Ten-thousand times that I've loaded the washer. Ten-thousand times that I've forgotten to put into the dryer the little fabric-softener sheet that my wife supplies. Ten-thousand times that I've been near-electrocuted by the resulting static electricity. Ten-thousand times that I've fluffed and folded and put away fresh clean clothes, only to have my sons throw them into the same pile with the dirty stuff.
Yes, 10,000 washer loads is a huge milestone, and it's depressing as hell. Why? Because, like most milestones, it's merely a marker on a long journey. I've got thousands more laundry loads in my future, and if that's not worth a ball-and-chain of dread, then I don't know what is.
How did I get locked into Eternal Laundry Hell?
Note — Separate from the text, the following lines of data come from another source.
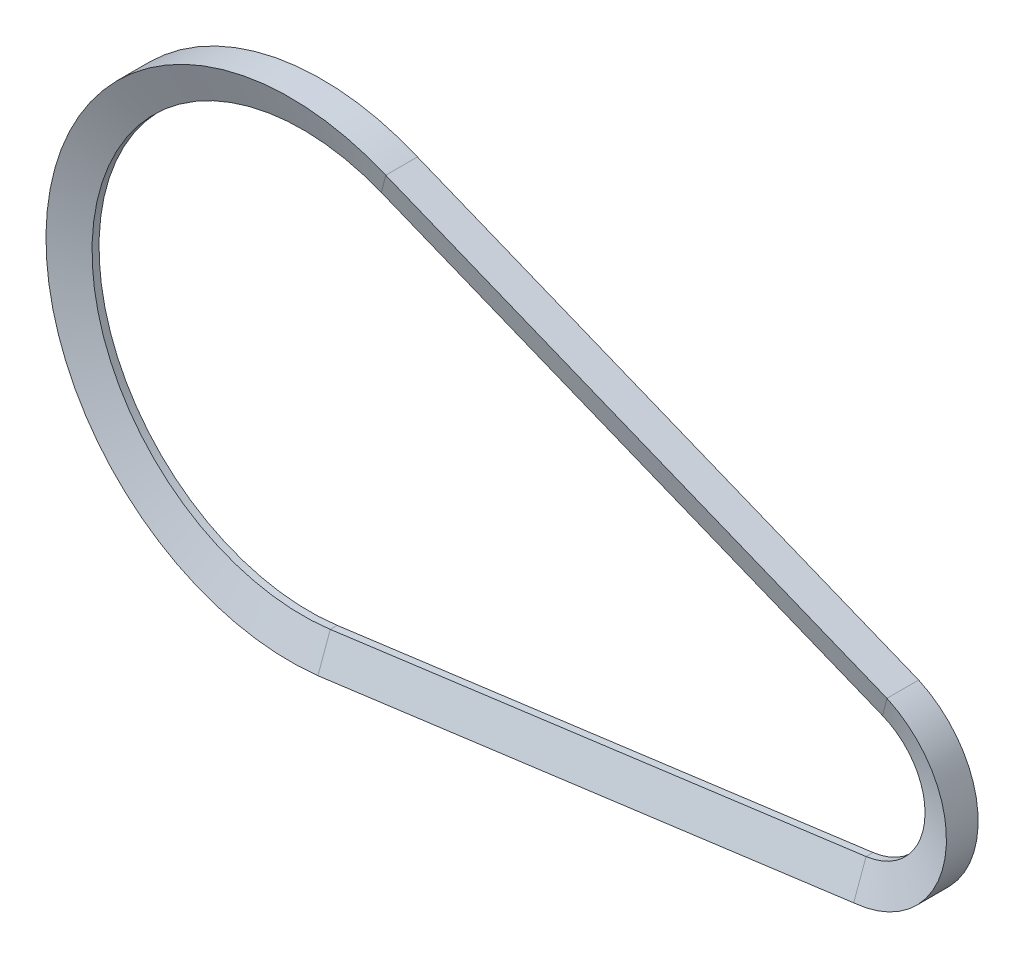
ISO-10303-21;
HEADER;
FILE_DESCRIPTION(('STEP AP214'),'2;1');
FILE_NAME('part.step','',(''),(''),'','','');
FILE_SCHEMA(('AUTOMOTIVE_DESIGN { 1 0 10303 214 1 1 1 1 }'));
ENDSEC;
DATA;
#1=APPLICATION_CONTEXT('core data for automotive mechanical design processes');
#2=APPLICATION_PROTOCOL_DEFINITION('international standard','automotive_design',2000,#1);
#3=PRODUCT_CONTEXT('',#1,'mechanical');
#4=PRODUCT('Part','Part','',(#3));
#5=PRODUCT_RELATED_PRODUCT_CATEGORY('part','',(#4));
#6=PRODUCT_DEFINITION_FORMATION('','',#4);
#7=PRODUCT_DEFINITION_CONTEXT('part definition',#1,'design');
#8=PRODUCT_DEFINITION('design','',#6,#7);
#9=PRODUCT_DEFINITION_SHAPE('','',#8);
#10=(LENGTH_UNIT() NAMED_UNIT(*) SI_UNIT(.MILLI.,.METRE.));
#11=(NAMED_UNIT(*) PLANE_ANGLE_UNIT() SI_UNIT($,.RADIAN.));
#12=(NAMED_UNIT(*) SI_UNIT($,.STERADIAN.) SOLID_ANGLE_UNIT());
#13=UNCERTAINTY_MEASURE_WITH_UNIT(LENGTH_MEASURE(1.E-05),#10,'distance_accuracy_value','');
#14=(GEOMETRIC_REPRESENTATION_CONTEXT(3) GLOBAL_UNCERTAINTY_ASSIGNED_CONTEXT((#13)) GLOBAL_UNIT_ASSIGNED_CONTEXT((#10,
#11,#12)) REPRESENTATION_CONTEXT('',''));
#15=CARTESIAN_POINT('',(0.,0.,0.));
#16=DIRECTION('',(0.,0.,1.));
#17=DIRECTION('',(1.,0.,0.));
#18=AXIS2_PLACEMENT_3D('',#15,#16,#17);
#19=CARTESIAN_POINT('',(124.475719306739,-30.3693151564213,0.770223243003508));
#20=DIRECTION('',(0.0453981297575215,-0.341667511459933,-0.93872377269743));
#21=DIRECTION('',(0.,0.93969262078591,-0.342020143325666));
#22=AXIS2_PLACEMENT_3D('',#19,#20,#21);
#23=PLANE('',#22);
#24=DIRECTION('',(0.,-0.939692620785909,0.342020143325666));
#25=VECTOR('',#24,1.);
#26=CARTESIAN_POINT('',(124.475719306739,-30.3693151564213,0.770223243003508));
#27=LINE('',#26,#25);
#28=CARTESIAN_POINT('',(124.475719306739,-30.3693151564213,0.770223243003508));
#29=VERTEX_POINT('',#28);
#30=CARTESIAN_POINT('',(124.475719306739,-37.8693151564213,3.5));
#31=VERTEX_POINT('',#30);
#32=EDGE_CURVE('E158',#29,#31,#27,.T.);
#33=ORIENTED_EDGE('',*,*,#32,.F.);
#34=DIRECTION('',(-0.991287677094754,-0.131714620449235,0.));
#35=VECTOR('',#34,1.);
#36=CARTESIAN_POINT('',(124.475719306739,-30.3693151564213,0.770223243003508));
#37=LINE('',#36,#35);
#38=CARTESIAN_POINT('',(6.12472985088943,-46.0948769849061,0.770223243003508));
#39=VERTEX_POINT('',#38);
#40=EDGE_CURVE('E157',#29,#39,#37,.T.);
#41=ORIENTED_EDGE('',*,*,#40,.T.);
#42=DIRECTION('',(0.,-0.939692620785909,0.342020143325666));
#43=VECTOR('',#42,1.);
#44=CARTESIAN_POINT('',(6.12472985088943,-46.0948769849061,0.770223243003508));
#45=LINE('',#44,#43);
#46=CARTESIAN_POINT('',(6.12472985088943,-53.5948769849061,3.5));
#47=VERTEX_POINT('',#46);
#48=EDGE_CURVE('E134',#39,#47,#45,.T.);
#49=ORIENTED_EDGE('',*,*,#48,.T.);
#50=DIRECTION('',(-0.991287677094754,-0.131714620449235,0.));
#51=VECTOR('',#50,1.);
#52=CARTESIAN_POINT('',(124.475719306739,-37.8693151564214,3.5));
#53=LINE('',#52,#51);
#54=EDGE_CURVE('E163',#31,#47,#53,.T.);
#55=ORIENTED_EDGE('',*,*,#54,.F.);
#56=EDGE_LOOP('',(#33,#41,#49,#55));
#57=FACE_BOUND('',#56,.T.);
#58=ADVANCED_FACE('F39',(#57),#23,.F.);
#59=CARTESIAN_POINT('',(6.12472985088943,-46.0948769849061,0.770223243003508));
#60=CARTESIAN_POINT('',(-26.763809279918,-50.4648510588701,0.770223243003508));
#61=CARTESIAN_POINT('',(-50.2969528979131,-27.0780207687135,0.770223243003508));
#62=CARTESIAN_POINT('',(-46.1321783681313,5.8371327731105,0.770223243003508));
#63=CARTESIAN_POINT('',(-41.9674038383495,38.7522863149345,0.770223243003508));
#64=CARTESIAN_POINT('',(-13.3508763277611,55.5405867888214,0.770223243003508));
#65=CARTESIAN_POINT('',(17.412721367423,43.1166688715686,0.770223243003508));
#66=CARTESIAN_POINT('',(6.12472985088943,-53.5948769849061,3.5));
#67=CARTESIAN_POINT('',(-32.1150339629088,-57.9648510588701,3.5));
#68=CARTESIAN_POINT('',(-58.9139401287493,-30.3388698408812,3.5));
#69=CARTESIAN_POINT('',(-53.3840209820254,7.75044892662746,3.5));
#70=CARTESIAN_POINT('',(-47.8541018353016,45.8397676941362,3.5));
#71=CARTESIAN_POINT('',(-14.3055621138431,64.7043295098772,3.5));
#72=CARTESIAN_POINT('',(21.1127393983367,49.6404612173529,3.5));
#73=(BOUNDED_SURFACE() B_SPLINE_SURFACE(1,3,((#59,#60,#61,#62,#63,#64,#65),(#66,#67,#68,#69,#70,
#71,#72)),.UNSPECIFIED.,.F.,.F.,.F.) B_SPLINE_SURFACE_WITH_KNOTS((2,2),(4,3,4),(0.,1.),(0.,0.5,
1.),.UNSPECIFIED.) GEOMETRIC_REPRESENTATION_ITEM() RATIONAL_B_SPLINE_SURFACE(((1.,
0.740188803038642,0.740188803038642,1.,0.740188803038642,0.740188803038642,1.),(1.,
0.740188803038642,0.740188803038642,1.,0.740188803038642,0.740188803038642,1.))) REPRESENTATION_ITEM('') SURFACE());
#74=CARTESIAN_POINT('',(0.,0.,3.5));
#75=DIRECTION('',(0.,0.,-1.));
#76=DIRECTION('',(0.113539290883504,-0.993533506946631,0.));
#77=AXIS2_PLACEMENT_3D('',#74,#75,#76);
#78=CIRCLE('',#77,53.94370356931);
#79=CARTESIAN_POINT('',(21.1127393983366,49.6404612173529,3.5));
#80=VERTEX_POINT('',#79);
#81=EDGE_CURVE('E124',#47,#80,#78,.T.);
#82=CARTESIAN_POINT('',(0.,0.,0.770223243003508));
#83=DIRECTION('',(0.,0.,-1.));
#84=DIRECTION('',(0.131714620449235,-0.991287677094754,0.));
#85=AXIS2_PLACEMENT_3D('',#82,#83,#84);
#86=CIRCLE('',#85,46.5);
#87=CARTESIAN_POINT('',(17.4127213674229,43.1166688715686,0.770223243003508));
#88=VERTEX_POINT('',#87);
#89=EDGE_CURVE('E137',#39,#88,#86,.T.);
#90=DIRECTION('',(0.463583952056587,0.817381270249745,0.342020143325666));
#91=VECTOR('',#90,1.);
#92=CARTESIAN_POINT('',(17.4127213674229,43.1166688715686,0.770223243003508));
#93=LINE('',#92,#91);
#94=EDGE_CURVE('E154',#88,#80,#93,.T.);
#95=ORIENTED_EDGE('',*,*,#81,.F.);
#96=ORIENTED_EDGE('',*,*,#48,.F.);
#97=ORIENTED_EDGE('',*,*,#89,.T.);
#98=ORIENTED_EDGE('',*,*,#94,.T.);
#99=EDGE_LOOP('',(#95,#96,#97,#98));
#100=FACE_BOUND('',#99,.T.);
#101=ADVANCED_FACE('F136',(#100),#73,.F.);
#102=CARTESIAN_POINT('',(0.,0.,0.));
#103=DIRECTION('',(0.,0.,-1.));
#104=DIRECTION('',(-1.,0.,0.));
#105=AXIS2_PLACEMENT_3D('',#102,#103,#104);
#106=CYLINDRICAL_SURFACE('',#105,53.94370356931);
#107=CARTESIAN_POINT('',(0.,0.,-3.5));
#108=DIRECTION('',(0.,0.,-1.));
#109=DIRECTION('',(0.113539290883504,-0.993533506946631,0.));
#110=AXIS2_PLACEMENT_3D('',#107,#108,#109);
#111=CIRCLE('',#110,53.94370356931);
#112=CARTESIAN_POINT('',(6.12472985088943,-53.5948769849061,-3.5));
#113=VERTEX_POINT('',#112);
#114=CARTESIAN_POINT('',(21.1127393983366,49.6404612173529,-3.5));
#115=VERTEX_POINT('',#114);
#116=EDGE_CURVE('E118',#113,#115,#111,.T.);
#117=ORIENTED_EDGE('',*,*,#116,.F.);
#118=DIRECTION('',(0.,0.,-1.));
#119=VECTOR('',#118,1.);
#120=CARTESIAN_POINT('',(6.12472985088943,-53.5948769849061,3.5));
#121=LINE('',#120,#119);
#122=EDGE_CURVE('E143',#47,#113,#121,.T.);
#123=ORIENTED_EDGE('',*,*,#122,.F.);
#124=ORIENTED_EDGE('',*,*,#81,.T.);
#125=DIRECTION('',(0.,0.,-1.));
#126=VECTOR('',#125,1.);
#127=CARTESIAN_POINT('',(21.1127393983366,49.6404612173529,3.5));
#128=LINE('',#127,#126);
#129=EDGE_CURVE('E210',#80,#115,#128,.T.);
#130=ORIENTED_EDGE('',*,*,#129,.T.);
#131=EDGE_LOOP('',(#117,#123,#124,#130));
#132=FACE_BOUND('',#131,.T.);
#133=ADVANCED_FACE('F250',(#132),#106,.T.);
#134=CARTESIAN_POINT('',(6.12472985088943,-53.5948769849061,-3.5));
#135=CARTESIAN_POINT('',(-32.1150339629088,-57.9648510588701,-3.5));
#136=CARTESIAN_POINT('',(-58.9139401287493,-30.3388698408812,-3.5));
#137=CARTESIAN_POINT('',(-53.3840209820254,7.75044892662746,-3.5));
#138=CARTESIAN_POINT('',(-47.8541018353016,45.8397676941362,-3.5));
#139=CARTESIAN_POINT('',(-14.3055621138431,64.7043295098772,-3.5));
#140=CARTESIAN_POINT('',(21.1127393983367,49.6404612173529,-3.5));
#141=CARTESIAN_POINT('',(6.12472985088943,-46.0948769849061,-0.770223243003508));
#142=CARTESIAN_POINT('',(-26.763809279918,-50.4648510588701,-0.770223243003508));
#143=CARTESIAN_POINT('',(-50.2969528979131,-27.0780207687135,-0.770223243003508));
#144=CARTESIAN_POINT('',(-46.1321783681313,5.8371327731105,-0.770223243003508));
#145=CARTESIAN_POINT('',(-41.9674038383495,38.7522863149345,-0.770223243003508));
#146=CARTESIAN_POINT('',(-13.3508763277611,55.5405867888214,-0.770223243003508));
#147=CARTESIAN_POINT('',(17.412721367423,43.1166688715686,-0.770223243003508));
#148=(BOUNDED_SURFACE() B_SPLINE_SURFACE(1,3,((#134,#135,#136,#137,#138,#139,#140),(#141,#142,
#143,#144,#145,#146,#147)),.UNSPECIFIED.,.F.,.F.,.F.) B_SPLINE_SURFACE_WITH_KNOTS((2,2),(4,3,4),
(0.,1.),(0.,0.5,1.),
.UNSPECIFIED.) GEOMETRIC_REPRESENTATION_ITEM() RATIONAL_B_SPLINE_SURFACE(((1.,0.740188803038642,
0.740188803038642,1.,0.740188803038642,0.740188803038642,1.),(1.,0.740188803038642,
0.740188803038642,1.,0.740188803038642,0.740188803038642,1.))) REPRESENTATION_ITEM('') SURFACE());
#149=CARTESIAN_POINT('',(0.,0.,-0.770223243003508));
#150=DIRECTION('',(0.,0.,-1.));
#151=DIRECTION('',(0.131714620449235,-0.991287677094754,0.));
#152=AXIS2_PLACEMENT_3D('',#149,#150,#151);
#153=CIRCLE('',#152,46.5);
#154=CARTESIAN_POINT('',(6.12472985088943,-46.0948769849061,-0.770223243003508));
#155=VERTEX_POINT('',#154);
#156=CARTESIAN_POINT('',(17.4127213674229,43.1166688715686,-0.770223243003508));
#157=VERTEX_POINT('',#156);
#158=EDGE_CURVE('E176',#155,#157,#153,.T.);
#159=DIRECTION('',(0.,0.939692620785909,0.342020143325666));
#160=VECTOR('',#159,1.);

I made a deal with my wife.
Early in our marriage, my wife and I agreed: I'd do all the laundry (a job she despises) and she'd handle the bills and all household paperwork.
At the time, this seemed like a sweet deal. Laundry? Pish. It was just the two of us and, even in the years when the job required a trip to a coin-operated laundromat, keeping the clothes clean was easier than keeping track of insurance forms and credit-card receipts.
Besides, the thinking went, as a novelist I didn't need the burden of worrying about money; it could hinder my creative juices. Instead, I still worry about money all the time, but with a complete lack of knowledge of our household financial situation.
This has worked out very well so far. Our conversations about household finances tend to go like this:
Me: "How we doing?"
Wife: "OK."
Me: "Good."
Clearly, I have no idea whether the household paperwork has gotten harder over the years, but I'm fully aware that the laundry workload has increased tremendously. This is because we had children.
(Did my wife know kids were in our future when we set up this division of labor? Did she anticipate the approximately 17 jillion little baby shirts with spit-up on them? Hey, wait a minute . . . )
Each child doubles the amount of laundry in a household. How is this mathematically possible? I don't know. And how do families with six or seven kids keep up with it all? I don't know that, either. They must sleep in shifts so they can keep their washer going around the clock.
My laundry workload has fluctuated over the years. I do fewer loads per week now that my sons rarely spit up on their shirts. On the other hand, their clothes keep getting bigger and they insist on wearing the same jeans over and over. So it evens out in the long run.
These days, I do about a dozen loads per week, which comes out to more than 600 per year. It would be more, but many of my wife's clothes are "Dry-Clean Only." This is the only way she's found that will guarantee that I don't ruin her clothes by shrinking, staining, shredding or spindling them. Sure, dry cleaners are expensive, but she'll pay anything to keep her delicate dresses out of my clutches.
Everyday stuff -- jeans and T-shirts and socks -- get tougher to sort all the time because the kids keep growing. Now, they're both about the same size as my wife. (The dog's about that size, too, for that matter. Good thing he doesn't wear clothes.)
I'm forced to go through the laundry in slow-motion, holding up each T-shirt, trying to guess to whom it belongs by the message written on the chest. I often guess wrong, which results in the usual muttered complaints as the clean, misplaced T-shirt is thrown into the same pile with the dirty ones.
Then I come along, sighing, and gather up all the clean and dirty clothes and run them through the washer again.